The algoesup library provides support for testing, timing and linting code. This documentation is for version 0.3.1.

Testing

Simplified testing for Python functions, see the examples.

test

test(function: Callable, test_table: list) -> None

Test the function with the test_table. Report failed tests.

Parameters:

Name Type Description Default
function Callable

The function to be tested. Can’t be a built-in function.

required
test_table list

The list of tests. Each element of test_table is a list or tuple with: a string (the test case name); one or more values (the inputs to the function); the expected output value.

required

Timing

Tools for measuring and plotting run-times, see the examples.

time_functions

time_functions(
    functions: list[Callable],
    inputs: Callable,
    start: int,
    double: int,
    text: bool = True,
    chart: bool = False,
    value: bool = False,
) -> None

Print or plot the run-times of different functions for the same inputs.

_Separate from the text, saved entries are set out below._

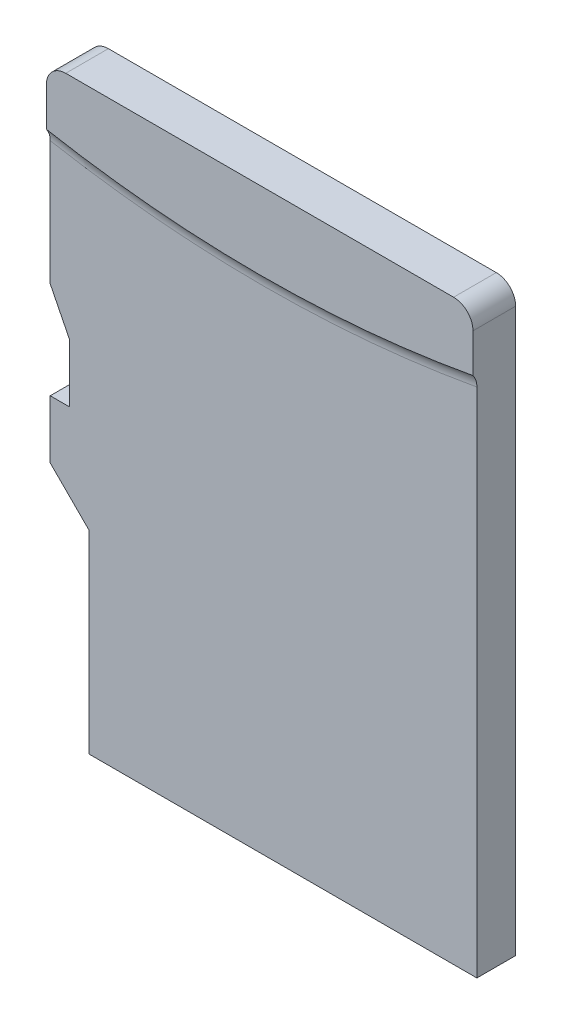
ISO-10303-21;
HEADER;
FILE_DESCRIPTION(('STEP AP214'),'2;1');
FILE_NAME('part.step','',(''),(''),'','','');
FILE_SCHEMA(('AUTOMOTIVE_DESIGN { 1 0 10303 214 1 1 1 1 }'));
ENDSEC;
DATA;
#1=APPLICATION_CONTEXT('core data for automotive mechanical design processes');
#2=APPLICATION_PROTOCOL_DEFINITION('international standard','automotive_design',2000,#1);
#3=PRODUCT_CONTEXT('',#1,'mechanical');
#4=PRODUCT('Part','Part','',(#3));
#5=PRODUCT_RELATED_PRODUCT_CATEGORY('part','',(#4));
#6=PRODUCT_DEFINITION_FORMATION('','',#4);
#7=PRODUCT_DEFINITION_CONTEXT('part definition',#1,'design');
#8=PRODUCT_DEFINITION('design','',#6,#7);
#9=PRODUCT_DEFINITION_SHAPE('','',#8);
#10=(LENGTH_UNIT() NAMED_UNIT(*) SI_UNIT(.MILLI.,.METRE.));
#11=(NAMED_UNIT(*) PLANE_ANGLE_UNIT() SI_UNIT($,.RADIAN.));
#12=(NAMED_UNIT(*) SI_UNIT($,.STERADIAN.) SOLID_ANGLE_UNIT());
#13=UNCERTAINTY_MEASURE_WITH_UNIT(LENGTH_MEASURE(1.E-05),#10,'distance_accuracy_value','');
#14=(GEOMETRIC_REPRESENTATION_CONTEXT(3) GLOBAL_UNCERTAINTY_ASSIGNED_CONTEXT((#13)) GLOBAL_UNIT_ASSIGNED_CONTEXT((#10,
#11,#12)) REPRESENTATION_CONTEXT('',''));
#15=CARTESIAN_POINT('',(0.,0.,0.));
#16=DIRECTION('',(0.,0.,1.));
#17=DIRECTION('',(1.,0.,0.));
#18=AXIS2_PLACEMENT_3D('',#15,#16,#17);
#19=CARTESIAN_POINT('',(-5.,0.,1.));
#20=DIRECTION('',(-1.,0.,0.));
#21=DIRECTION('',(0.,0.,1.));
#22=AXIS2_PLACEMENT_3D('',#19,#20,#21);
#23=PLANE('',#22);
#24=DIRECTION('',(0.,1.,0.));
#25=VECTOR('',#24,1.);
#26=CARTESIAN_POINT('',(-5.,0.,0.));
#27=LINE('',#26,#25);
#28=CARTESIAN_POINT('',(-5.,0.,0.));
#29=VERTEX_POINT('',#28);
#30=CARTESIAN_POINT('',(-5.,1.5,0.));
#31=VERTEX_POINT('',#30);
#32=EDGE_CURVE('E164',#29,#31,#27,.T.);
#33=ORIENTED_EDGE('',*,*,#32,.F.);
#34=DIRECTION('',(0.,0.,-1.));
#35=VECTOR('',#34,1.);
#36=CARTESIAN_POINT('',(-5.,0.,1.));
#37=LINE('',#36,#35);
#38=CARTESIAN_POINT('',(-5.,0.,1.));
#39=VERTEX_POINT('',#38);
#40=EDGE_CURVE('E230',#39,#29,#37,.T.);
#41=ORIENTED_EDGE('',*,*,#40,.F.);
#42=DIRECTION('',(0.,1.,0.));
#43=VECTOR('',#42,1.);
#44=CARTESIAN_POINT('',(-5.,0.,1.));
#45=LINE('',#44,#43);
#46=CARTESIAN_POINT('',(-5.,1.5,1.));
#47=VERTEX_POINT('',#46);
#48=EDGE_CURVE('E165',#39,#47,#45,.T.);
#49=ORIENTED_EDGE('',*,*,#48,.T.);
#50=DIRECTION('',(0.,0.,-1.));
#51=VECTOR('',#50,1.);
#52=CARTESIAN_POINT('',(-5.,1.5,1.));
#53=LINE('',#52,#51);
#54=EDGE_CURVE('E189',#47,#31,#53,.T.);
#55=ORIENTED_EDGE('',*,*,#54,.T.);
#56=EDGE_LOOP('',(#33,#41,#49,#55));
#57=FACE_BOUND('',#56,.T.);
#58=ADVANCED_FACE('F37',(#57),#23,.T.);
#59=CARTESIAN_POINT('',(0.,0.,1.));
#60=DIRECTION('',(0.,1.,0.));
#61=DIRECTION('',(-1.,0.,0.));
#62=AXIS2_PLACEMENT_3D('',#59,#60,#61);
#63=PLANE('',#62);
#64=DIRECTION('',(1.,0.,0.));
#65=VECTOR('',#64,1.);
#66=CARTESIAN_POINT('',(0.,0.,0.));
#67=LINE('',#66,#65);
#68=CARTESIAN_POINT('',(-5.5,0.,0.));
#69=VERTEX_POINT('',#68);
#70=EDGE_CURVE('E192',#69,#29,#67,.T.);
#71=ORIENTED_EDGE('',*,*,#70,.F.);
#72=DIRECTION('',(0.,0.,-1.));
#73=VECTOR('',#72,1.);
#74=CARTESIAN_POINT('',(-5.5,0.,1.));
#75=LINE('',#74,#73);
#76=CARTESIAN_POINT('',(-5.5,0.,1.));
#77=VERTEX_POINT('',#76);
#78=EDGE_CURVE('E228',#77,#69,#75,.T.);
#79=ORIENTED_EDGE('',*,*,#78,.F.);
#80=DIRECTION('',(1.,0.,0.));
#81=VECTOR('',#80,1.);
#82=CARTESIAN_POINT('',(0.,0.,1.));
#83=LINE('',#82,#81);
#84=EDGE_CURVE('E168',#77,#39,#83,.T.);
#85=ORIENTED_EDGE('',*,*,#84,.T.);
#86=ORIENTED_EDGE('',*,*,#40,.T.);
#87=EDGE_LOOP('',(#71,#79,#85,#86));
#88=FACE_BOUND('',#87,.T.);
#89=ADVANCED_FACE('F262',(#88),#63,.T.);
#90=CARTESIAN_POINT('',(-5.5,0.,1.));
#91=DIRECTION('',(-1.,0.,0.));
#92=DIRECTION('',(0.,0.,1.));
#93=AXIS2_PLACEMENT_3D('',#90,#91,#92);
#94=PLANE('',#93);
#95=DIRECTION('',(0.,1.,0.));
#96=VECTOR('',#95,1.);
#97=CARTESIAN_POINT('',(-5.5,0.,0.));
#98=LINE('',#97,#96);
#99=CARTESIAN_POINT('',(-5.5,-1.5,0.));
#100=VERTEX_POINT('',#99);
#101=EDGE_CURVE('E195',#100,#69,#98,.T.);
#102=ORIENTED_EDGE('',*,*,#101,.F.);
#103=DIRECTION('',(0.,0.,-1.));
#104=VECTOR('',#103,1.);
#105=CARTESIAN_POINT('',(-5.5,-1.5,1.));
#106=LINE('',#105,#104);
#107=CARTESIAN_POINT('',(-5.5,-1.5,1.));
#108=VERTEX_POINT('',#107);
#109=EDGE_CURVE('E226',#108,#100,#106,.T.);
#110=ORIENTED_EDGE('',*,*,#109,.F.);
#111=DIRECTION('',(0.,1.,0.));
#112=VECTOR('',#111,1.);
#113=CARTESIAN_POINT('',(-5.5,0.,1.));
#114=LINE('',#113,#112);
#115=EDGE_CURVE('E172',#108,#77,#114,.T.);
#116=ORIENTED_EDGE('',*,*,#115,.T.);
#117=ORIENTED_EDGE('',*,*,#78,.T.);
#118=EDGE_LOOP('',(#102,#110,#116,#117));
#119=FACE_BOUND('',#118,.T.);
#120=ADVANCED_FACE('F267',(#119),#94,.T.);
#121=CARTESIAN_POINT('',(-3.5,-3.5,1.));
#122=DIRECTION('',(0.707106781186548,0.707106781186547,0.));
#123=DIRECTION('',(-0.707106781186547,0.707106781186548,0.));
#124=AXIS2_PLACEMENT_3D('',#121,#122,#123);
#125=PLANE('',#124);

time_functions prints or plots the run-times given list of functions and an input generator. Inputs are generated based on a starting size and are doubled a specified number of times.

Parameters:

Name Type Description Default
functions list[Callable]

A list of functions whose run-times will be measured. Must be 1 to 6 functions.

required
inputs Callable

A function to generate inputs when given a specific size.

required
start int

The starting size for the inputs. Must be positive.

required
double int

The number of times to double the input size. Must be non-negative.

required
text bool

If True, print the run-times in text format

True
chart bool

If True plot the run-times using a chart.

False
value bool

If True x-axis is labelled “Input value” otherwise “Input size”.

False

Raises:

Type Description
AssertionError

If input conditions are not satisfied.

time_cases

time_cases(
    function: Callable,
    cases: list[Callable],
    start: int,
    double: int,
    text: bool = True,
    chart: bool = False,
) -> None

Print or plot the run-times of function for different input cases.

time_cases prints or plots the run-times of a single function using a list of different input generators. Inputs are generated based on a starting size and are doubled a specified number of times.

Parameters:

Name Type Description Default
function Callable

A function whose run-times will be measured.

required
cases list[Callable]

A list of 1 to 6 functions to generate inputs of different cases, e.g. best-, normal- and worst-case.

required
start int

The starting size for the inputs. Must be positive.

required
double int

The number of times to double the input size. Must be non-negative.

required
text bool

If True, print the run-times in text format.

True
chart bool

If True, plot the run-times using a chart.

False

Raises:

Type Description
AssertionError

If input conditions are not satisfied.

time_functions_int

time_functions_int(
    functions: list[Callable],
    generator: Callable = int_value,
    start: int = 1,
    double: int = 10,
    text: bool = True,
    chart: bool = True,
) -> None

Time functions that take a single integer as input.

time_functions_int uses time_functions to measure and display the run-times of a given list of functions that accept a single integer input. The integer inputs are generated starting from a specified value that defaults to 1, and are doubled a specified number of times that defaults to 10.

Parameters:

Name Type Description Default
functions list[Callable]

A list of functions whose run-times will be measured. Each function must accept a single integer argument. Must be 1 to 6 functions.

required
generator Callable

A function to generate integer inputs. Defaults to int_value, which returns a tuple containing the input integer.

int_value
start int

The starting integer value for inputs. Defaults to 1. Must be positive.

1
double int

The number of times to double the input integer value. Defaults to 10. Must be non-negative.

10
text bool

If True, print the run-times in text format.

True
chart bool

If True, plot the run-times using a chart.

True

Linting

Linting tools for Jupyter Notebook environments.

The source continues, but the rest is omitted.